有了丹鹏的狼族之血做引,无颜镇的诅咒很顺利的解除了。当无颜镇的所有人都在为了诅咒的消解而欢欣雀跃时,丹鹏却显得很落寞。其实我早看出来了,自打他从关帝庙回来后,就有些不对劲,好像有了什么心事,看我的眼神也总是躲躲闪闪。虽然我不知道那晚在关帝庙,我和小竹走后都发生了什么,但心中隐约觉得有些蹊跷。
“丹鹏,你没事吧?”我从热闹的人群中挤出来,挨近丹鹏问道。
“额……我,我没事啊。”丹鹏收回茫然的眼神,对我笑道。
“不对,你一定有事瞒着我!”我怀疑地反驳道。
虽然从小到大,丹鹏一直是一副沉静的性子,很少表露自己的情绪,但一起生活了十多年,他心里有没有藏着事,我一眼就能看穿。
“傻丫头,别瞎猜了,我有什么事瞒着你啊!”丹鹏轻轻拍了一下我的额头,否认了我的说法。
“丹珠……快过来啊……”远远传来小竹兴高采烈的声音。
小竹之前为了关帝庙的事不快,但当我将自己的真实身份和此去京城的目的如实相告后,她便立刻消了气,还嚷嚷着要帮我一起查清旧案,还承郡王府公道。且不论她能帮上什么忙,有她这样古道热肠的姐妹未尝不是一种幸福啊。

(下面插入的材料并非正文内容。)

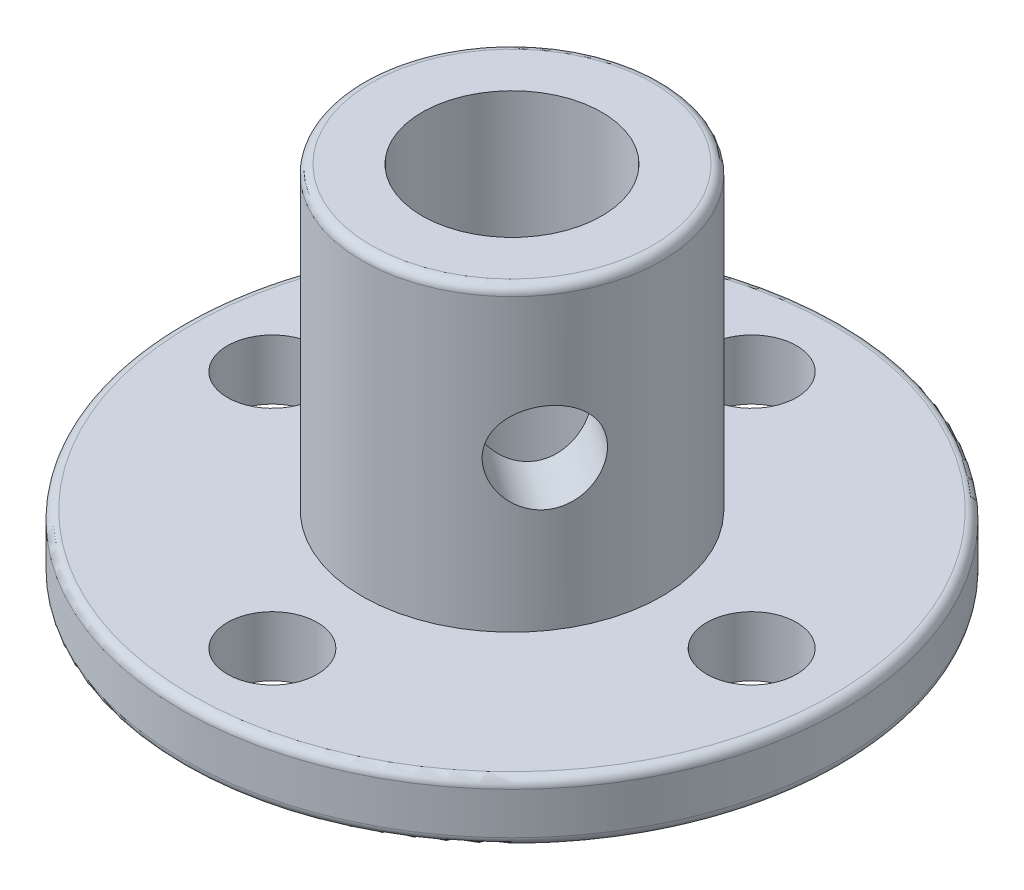
SolidWorks part; units mm, degrees
ref_plane "Front Plane" through (0, 0, 0) normal (0, 0, 1) x (1, 0, 0)
ref_plane "Top Plane" through (0, 0, 0) normal (0, 1, 0) x (1, 0, 0)
ref_plane "Right Plane" through (0, 0, 0) normal (1, 0, 0) x (0, 0, -1)
sketch "Sketch1" plane through (0, 0, 0) normal (0, 1, 0) x (1, 0, 0)
  circle A1 centre (0, 0) radius 5
  dimension "D2" = 10
extrude "Boss-Extrude2" add sketch "Sketch1" along normal blind 12
sketch "Sketch3" plane through (0, 0, 0) normal (0, 1, 0) x (1, 0, 0)
  circle A0 centre (0, 0) radius 11
  dimension "D1" = 22
extrude "Boss-Extrude3" add sketch "Sketch3" along normal blind 2
sketch "Sketch4" plane through (0, 0, 0) normal (0, 1, 0) x (1, 0, 0)
  circle A0 centre (0, 0) radius 3
  dimension "D1" = 6
extrude "Cut-Extrude1" cut sketch "Sketch4" along normal blind 12
sketch "Sketch5" plane through (0, 2, 0) normal (0, 1, 0) x (1, 0, 0)
  line L0 (0, 0) -> (0, 8) construction
  circle A0 centre (0, 8) radius 1.5
  circle A1 centre (8, 0) radius 1.5
  circle A2 centre (0, -8) radius 1.5
  circle A3 centre (-8, 0) radius 1.5
  point P13 (0, 0)
  dimension "D2" = 3
  dimension "D1" = 8
  dimension "D3" = 4
extrude "Cut-Extrude2" cut sketch "Sketch5" against normal blind 2
fillet "Fillet1" radius 0.3 3 edges at (0, 12, 5) (0, 0, 11) (0, 2, 11)
ref_plane "Plane1" through (4.0625, 0, 2.9148) normal (0.8125, 0, 0.583) x (0.583, 0, -0.8125)
sketch "Sketch7" plane through (4.0625, 0, 2.9148) normal (0.8125, 0, 0.583) x (0.583, 0, -0.8125)
  line L0 (0, 0) -> (0, 7) construction
  circle A0 centre (0, 7) radius 1.5
  dimension "D2" = 3
  dimension "D1" = 7
extrude "Cut-Extrude3" cut sketch "Sketch7" against normal blind 4

“哎……来了……”应了小竹一声,我赶紧撇下丹鹏往人群中挤去。
“你打算瞒她多久?”玄翳总是神出鬼没,不知什么时候已经站在了丹鹏身边。
“我……”丹鹏心中有种说不出的酸涩。
他身为狼族王子,居然认贼作父二十余年,虽然承郡王府对他有养育之恩,但承郡王毕竟是当年剿杀他族人的参与者。杀父、弑母、灭族之仇不共戴天,他的血液里流着的是狼族的血,却可笑的一心为了仇人洗刷冤屈,这到底是对?还是错呢?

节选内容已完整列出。